Saat itu, ada tiga orang saksi yang tengah diperiksa di dalam persidangan.
Mereka adalah Suratno, Istri Hakim nonaktif Djuyamto Raden Ajeng Temenggung Dyah Ayu Kusumawijaya, serta Panitera Utama PN Jakarta Selatan, Eddy Suwarno.
Atas arahan hakim, JPU lebih dahulu memeriksa Suratno dan Ayu karena keduanya berhubungan dengan terdakwa Djuyamto.
Sementara, saksi Eddy kesaksiannya dibutuhkan untuk perkara seluruh terdakwa, bukan hanya Djuyamto.
Usai dibolehkan pulang oleh Hakim Effendi, Suratno tiba-tiba bertanya untuk memastikan pernyataan hakim.

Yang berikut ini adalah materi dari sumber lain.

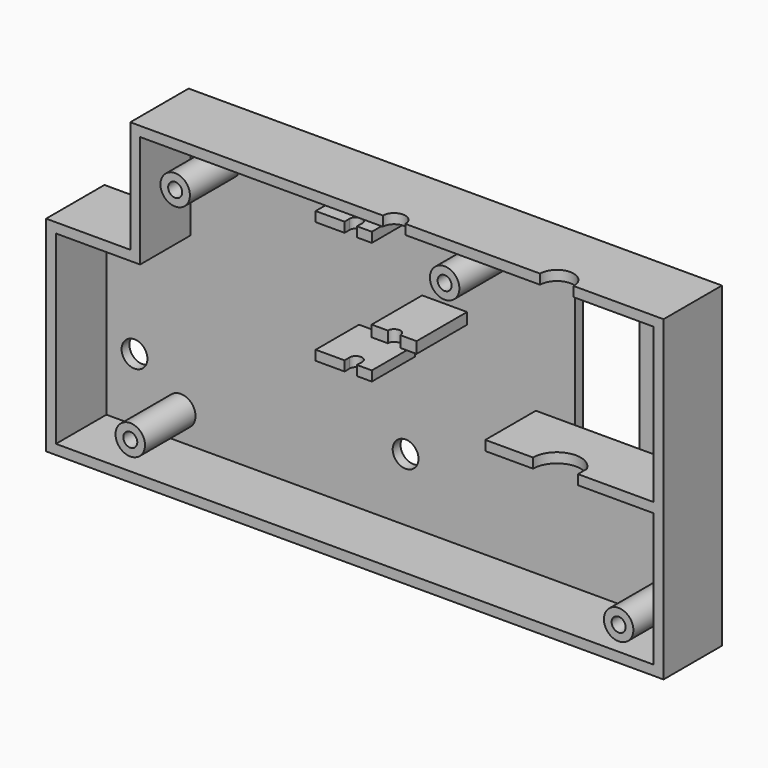
from build123d import *

# Parameters (mm, degrees)
F1_DEPTH  = 13
F2_T      = -1.75
F3_R      = 2.625
F3_R_2    = 1.25
F3_W      = 30
F3_H      = 1.75
F3_W_2    = 8
F3_H_2    = 2
F4_DEPTH  = 11.25
F5_R      = 3
F5_R_2    = 2
F6_DEPTH  = 2
F7_R      = 1.125
F8_DEPTH  = 2
F10_DEPTH = 2
F11_W     = 10
F11_H     = 1.75
F12_DEPTH = 11.25
F13_W     = 10
F13_H     = 1.75
F14_DEPTH = 1.6
F16_DEPTH = 25
F17_W     = 11.5
F17_H     = 31
F18_DEPTH = 1.751
F19_R     = 2.3
F20_DEPTH = 1.751


with BuildPart() as f1:
    # F0 (on Front) → F1 (new body)
    with BuildSketch(Plane.XZ):
        Polygon((0, 36.5), (0, 0), (110, 0), (110, 56.5), (15, 56.5), (15, 36.5), align=None)
    extrude(amount=F1_DEPTH)

    # F2
    f2_openings = [f1.faces().sort_by_distance(p)[0] for p in [
        (57.409129, -13, 27.324387),
    ]]
    offset(amount=F2_T, openings=f2_openings, kind=Kind.INTERSECTION)

    # F3 (on face) → F4 (join, through all)
    with BuildSketch(Plane.XZ.offset(1.75)):
        with Locations((23, 48.5)):
            Circle(F3_R)
        with Locations((23, 48.5)):
            Circle(F3_R_2, mode=Mode.SUBTRACT)
        with Locations((15, 6.7)):
            Circle(F3_R)
        with Locations((15, 6.7)):
            Circle(F3_R_2, mode=Mode.SUBTRACT)
        with Locations((71, 49.5)):
            Circle(F3_R)
        with Locations((71, 49.5)):
            Circle(F3_R_2, mode=Mode.SUBTRACT)
        with Locations((102, 6)):
            Circle(F3_R)
        with Locations((102, 6)):
            Circle(F3_R_2, mode=Mode.SUBTRACT)
        with Locations((93.25, 26.375)):
            Rectangle(F3_W, F3_H)
        with Locations((62, 37.75)):
            Rectangle(F3_W_2, F3_H_2)
    extrude(amount=F4_DEPTH)

    # F5 (on face) → F6 (cut)
    with BuildSketch(Plane.XY.offset(56.5)):
        with Locations((91, -13)):
            Circle(F5_R)
        with Locations((62, -13)):
            Circle(F5_R_2)
    extrude(amount=-F6_DEPTH, mode=Mode.SUBTRACT)

    # F7 (on face) → F8 (cut)
    with BuildSketch(Plane.XY.offset(38.75)):
        with Locations((62, -13)):
            Circle(F7_R)
    extrude(amount=-F8_DEPTH, mode=Mode.SUBTRACT)

    # F9 (on face) → F10 (cut)
    with BuildSketch(Plane.XY.offset(27.25)):
        with BuildLine():
            Line((94.75, -15), (94.75, -11))
            ThreePointArc((94.75, -11), (86.75, -13), (94.75, -15))
        make_face()
    extrude(amount=-F10_DEPTH, mode=Mode.SUBTRACT)

    # F11 (on face) → F12 (join, through all)
    with BuildSketch(Plane.XZ.offset(1.75)):
        with Locations((51.75, 51.375)):
            Rectangle(F11_W, F11_H)
        with Locations((51.75, 29.625)):
            Rectangle(F11_W, F11_H)
    extrude(amount=F12_DEPTH)

    # F13 (on face) → F14 (cut)
    with BuildSketch(Plane.XZ.offset(13)):
        with Locations((51.75, 51.375)):
            Rectangle(F13_W, F13_H)
        with Locations((51.75, 29.625)):
            Rectangle(F13_W, F13_H)
    extrude(amount=-F14_DEPTH, mode=Mode.SUBTRACT)

    # F15 (on face) → F16 (cut)
    with BuildSketch(Plane.XY.offset(52.25)):
        with BuildLine():
            Line((54.094339151, -11.4), (54.1245706409, -10.3060785062))
            ThreePointArc((54.1245706409, -10.3060785062), (52.9989978467, -9.1500004463), (51.8754865135, -10.3080819977))
            Line((51.8754865135, -10.3080819977), (51.9076095865, -11.4))
            Line((51.9076095865, -11.4), (54.094339151, -11.4))
        make_face()
    extrude(amount=-F16_DEPTH, mode=Mode.SUBTRACT)

    # F17 (on face) → F18 (cut, through all)
    with BuildSketch(Plane.XZ.offset(1.75)):
        with Locations((91, 37.25)):
            Rectangle(F17_W, F17_H)
    extrude(amount=-F18_DEPTH, mode=Mode.SUBTRACT)

    # F19 (on face) → F20 (cut, through all)
    with BuildSketch(Plane.XZ.offset(1.75)):
        with Locations((6.75, 12.9)):
            Circle(F19_R)
        with Locations((55.05, 12.9)):
            Circle(F19_R)
        with Locations((102.95, 12.9)):
            Circle(F19_R)
    extrude(amount=-F20_DEPTH, mode=Mode.SUBTRACT)


solid = f1.part

“Mohon izin, sudah boleh pulang ke Solo, Yang Mulia?” tanya Suratno kepada majelis hakim.
Mendengar pertanyaan dari Suratno, Hakim Effendi sontak bertanya, “(kereta) Bima jam berapa?”
Sambil tertawa kecil, Suratno mengatakan keretanya akan jalan sekitar pukul 19.00 WIB.
Berhubung waktu sudah sore di atas jam 16.30 WIB, hakim pun membolehkan Suratno untuk segera menuju stasiun.
Sebelum Suratno meninggalkan ruang sidang, Hakim Effendi sempat berkelakar dan menitip pesan untuk Presiden ke-7 RI Joko Widodo (Jokowi) yang juga berdomisili di Solo, Jawa Tengah.
“Hati-hati, selamat jalan ya pak ya. Salam buat Pak Jokowi,” kata Hakim Effendi.
“Siap, terima kasih yang mulia,” jawab Suratno sebelum bangkit berdiri dan meninggalkan ruang sidang.
Dalam persidangan hari ini, Suratno mengungkap kalau Djuyamto pernah memberikan uang senilai Rp 5,65 miliar untuk pembangunan gedung Kantor Terpadu Majelis Wilayah Cabang Nahdlatul Ulama (MWC NU) di Kartasura, Sukoharjo, Jawa Tengah.
Uang ini diberikan dalam tiga kali penyerahan. Suratno mengaku dua kali menjemput uang ini ke Jakarta atas perintah Djuyamto.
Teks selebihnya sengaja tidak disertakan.